# Η.Ε. + number



## anipsioula

Hello!
I am working on an official document of a comapny, dealing with some amendments made to their statute.

It says: κατά την πιο πάνω έκτακτη γενική συνέλευση τηε Ετερίας χχχχχχχ, Η.Ε. 198χχχ, η οποί έλαβε χώρα στις ηη|μμ|χχ, στο εγγεγραμμμένο γραφείο...

I cannot sort out what it stands for. Has anyone idea?
thank you so much


----------



## zoethal

What exactly you don't understand, the general meaning of the sentence or an exact part of it?


----------



## anipsioula

Which words exactly do the H.E. stand for...Ημέρα ? I mean which words do begin with H. and with E ?


----------



## ireney

Are you sure it's H.E. and not A.E. ?


----------



## anipsioula

yes sure. It is even repeated twice. Could it refer to some law or code of law, archive and the like?


----------



## pavlo

means Ημερολογιακό Έτος (Calendar Year)


----------



## anipsioula

Ah!God bless you!! 
...but the number does not look like a year. it is 198600...so what does it refer  to?
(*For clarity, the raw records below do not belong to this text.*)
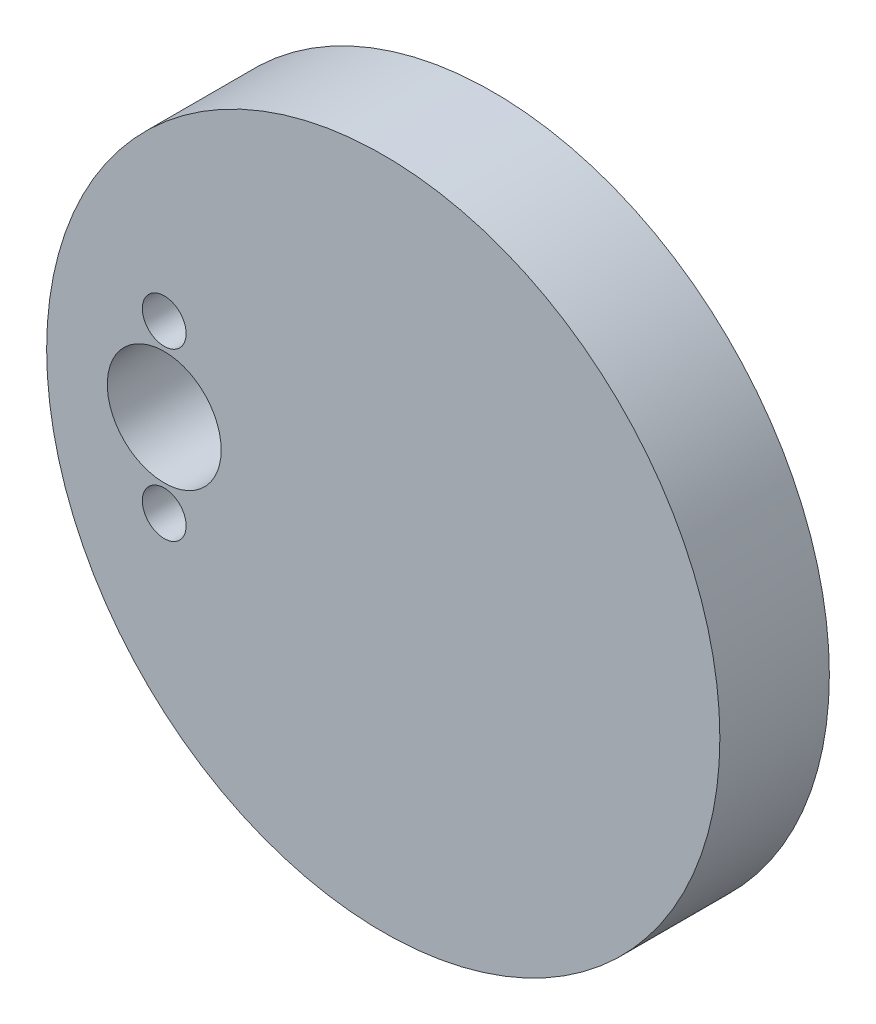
from build123d import *

# Parameters (mm, degrees)
SKETCH1_R           = 39.0398
SKETCH1_R_2         = 6.604
SKETCH1_R_3         = 2.54
BOSS_EXTRUDE1_DEPTH = 6.35


with BuildPart() as part:
    # Sketch1 → Boss-Extrude1 (new, symmetric)
    with BuildSketch(Plane.XY):
        Circle(SKETCH1_R)
        with Locations((-25.4, 0)):
            Circle(SKETCH1_R_2, mode=Mode.SUBTRACT)
        with Locations((-25.4, 9.652)):
            Circle(SKETCH1_R_3, mode=Mode.SUBTRACT)
        with Locations((-25.4, -9.652)):
            Circle(SKETCH1_R_3, mode=Mode.SUBTRACT)
    extrude(amount=BOSS_EXTRUDE1_DEPTH, both=True)


solid = part.part

anyway,what you said gives a sense at least!


----------



## pavlo

I'm not sure that is the right answer, but "H.E.", what else?
if not, may be a register number (in alpha-numeric system) or...?
we need an accountant's help...


----------



## anipsioula

Or a lawyer' help ...since the H.E. 198500 always appears soon after the name of the company....


----------



## x99sol

Is this thread still active? Did you get any answer? 
If still not then give more info about your company( what form it has, in Greek laws there is the public limited company (s.a.) /limited liability company/ limited partnership/general partnership check this
www.gge.gr/09diadsystasis/html/briefing.html
and what exactly 
amendments made to their statute
 [ Is it s.a company and you made amendments to the statute? Then the president must sign the new statute and take it to the MAE ( Mητρώο Ανωνύμων Εταιριών)]
Contact a  lawyer in Athens is a must if you want to make it right
This is law related problem, most accountants in Greece don't know the laws


----------